I want the REPLACE
function to detect years before 2022 and label them as old. I wanted to know if there's also a way to do both REPLACE
and CONCAT
function in the same data column in SQL?
The code I have so far is:
SELECT REPLACE(CONCAT(Year,Model), IF(Year>2021;1;0;){Year.value="New"};IF(Year<2022;1;0;){Year.value="Old"})
Below is a tab-delimited table that doesn't have the exact values, but it works under the same data format I'm going for. What I like to have is the last column values of "Replace_and_Concat".

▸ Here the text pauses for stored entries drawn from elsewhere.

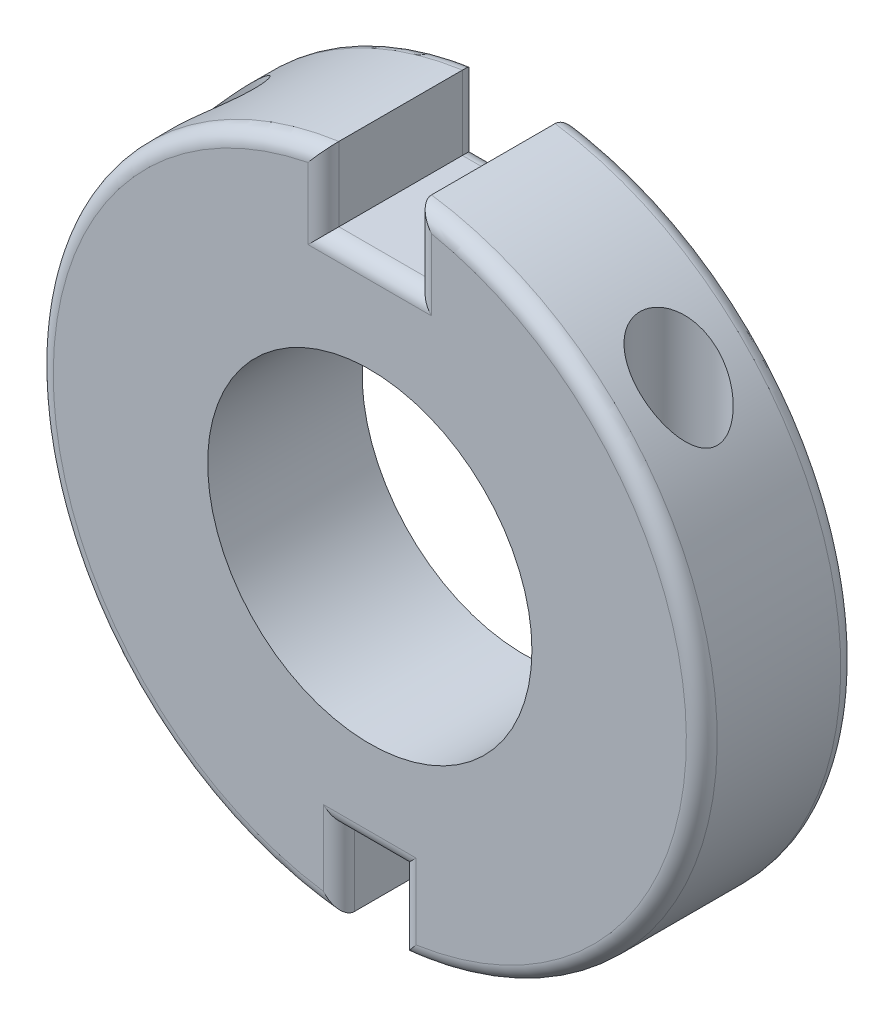
from build123d import *

# Parameters (mm, degrees)
ESQUISSE1_R                  = 10.5
BOSS_EXTRU_1_DEPTH           = 10
ENL_V_MAT_EXTRU_1_DEPTH      = 20
ENL_V_MAT_EXTRU_1_DEPTH_BACK = 12.5
ESQUISSE2_R                  = 1.25
ENL_V_START                  = 7.5
ESQUISSE2_5_R                = 2.5
ESQUISSE2_5_R_2              = 1.25
ENL_V_MAT_EXTRU_2_DEPTH      = 10
CONG_1_R                     = 1


with BuildPart() as part:
    # Esquisse1 → Boss.-Extru.1 (new body)
    with BuildSketch(Plane.XY):
        with BuildLine():
            Line((-2, -16.406774629), (2, -16.406774629))
            Line((2, -16.406774629), (2, -21.406774629))
            ThreePointArc((2, -21.406774629), (21.494105507, -0.503416766), (3, 21.289668856))
            Line((3, 21.289668856), (3, 16.5))
            Line((3, 16.5), (-3, 16.5))
            Line((-3, 16.5), (-3, 21.289668856))
            ThreePointArc((-3, 21.289668856), (-21.494105507, -0.503416766), (-2, -21.406774629))
            Line((-2, -21.406774629), (-2, -16.406774629))
        make_face()
        Circle(ESQUISSE1_R, mode=Mode.SUBTRACT)
    extrude(amount=BOSS_EXTRU_1_DEPTH)

    # Esquisse2 → Enlèv. mat.-Extru.1 (cut, two sides: drawn at the far end of the back side and taken through both)
    with BuildSketch(Plane(origin=(0, 0, 0), x_dir=(1, 0, 0), z_dir=(0, 1, 0)).offset(-ENL_V_MAT_EXTRU_1_DEPTH_BACK)):
        with Locations((15, -5)):
            Circle(ESQUISSE2_R)
        with Locations((-15, -5)):
            Circle(ESQUISSE2_R)
    extrude(amount=ENL_V_MAT_EXTRU_1_DEPTH + ENL_V_MAT_EXTRU_1_DEPTH_BACK, mode=Mode.SUBTRACT)

    # Esquisse2<5> → Enlèv. mat.-Extru.2 (cut)
    # profile 1 of 2: a face of its own
    with BuildSketch(Plane(origin=(0, 0, 0), x_dir=(1, 0, 0), z_dir=(0, 1, 0)).offset(ENL_V_START)):
        with Locations((15, -5)):
            Circle(ESQUISSE2_5_R)
        with Locations((15, -5)):
            Circle(ESQUISSE2_5_R_2, mode=Mode.SUBTRACT)
    # profile 2 of 2: a face of its own
    with BuildSketch(Plane(origin=(0, 0, 0), x_dir=(1, 0, 0), z_dir=(0, 1, 0)).offset(ENL_V_START)):
        with Locations((-15, -5)):
            Circle(ESQUISSE2_5_R)
        with Locations((-15, -5)):
            Circle(ESQUISSE2_5_R_2, mode=Mode.SUBTRACT)
    extrude(amount=ENL_V_MAT_EXTRU_2_DEPTH, mode=Mode.SUBTRACT)

    # Congé1
    cong_1_edges = [part.edges().sort_by_distance(p)[0] for p in [
        (-2, -18.906774629, 0),
        (0, -16.406774629, 0),
        (2, -18.906774629, 0),
        (-21.494105507, -0.503416766, 0),
        (-3, 18.894834428, 0),
        (0, 16.5, 0),
        (3, 18.894834428, 0),
        (21.494105507, -0.503416766, 0),
        (-2, -18.906774629, 10),
        (0, -16.406774629, 10),
        (2, -18.906774629, 10),
        (-3, 18.894834428, 10),
        (0, 16.5, 10),
        (3, 18.894834428, 10),
        (21.494105507, -0.503416766, 10),
        (-21.494105507, -0.503416766, 10),
    ]]
    fillet(cong_1_edges, radius=CONG_1_R)


solid = part.part

Year Model Concat Replace_and_Concat
2015 FT 2015, FT OLD FT
2016 TR 2016, TR OLD TR
2017 TR 2017, TR OLD TR
2018 TR 2018, TR OLD TR
2019 GG 2019, GG OLD GG
2020 FT 2020, FT OLD FT
2021 TR 2021, TR OLD TR
2022 TR 2022, TR NEW TR
2022 GG 2022, GG NEW GG
2022 FT 2022, FT NEW FT
2022 TR 2022, TR NEW TR
2022 TR 2022, TR NEW TR
2022 TR 2022, TR NEW TR
CodePudding user response:
You can use a case expression; and I'd use the concatenation operator rather than the concat function, which gets messy with multiple values to put together:
select year, model,
year || ', ' || model as result1,
case when year< 2022 then 'OLD' else 'NEW' end || ' ' || model as result2
from your_table
If you want to use the current year rather than a fixed value of 2022 you can extract that from the system date:
select year, model,
year || ', ' || model as result1,
case when year< extract(year from sysdate)
then 'OLD' else 'NEW' end || ' ' || model as result2
from your_table
(I've used generic aliases for the column expressions; partly because 'concat and replace' isn't quite what's really happening, partly because using a function name ('concat') as a column alias might be confusing, though it is allowed.)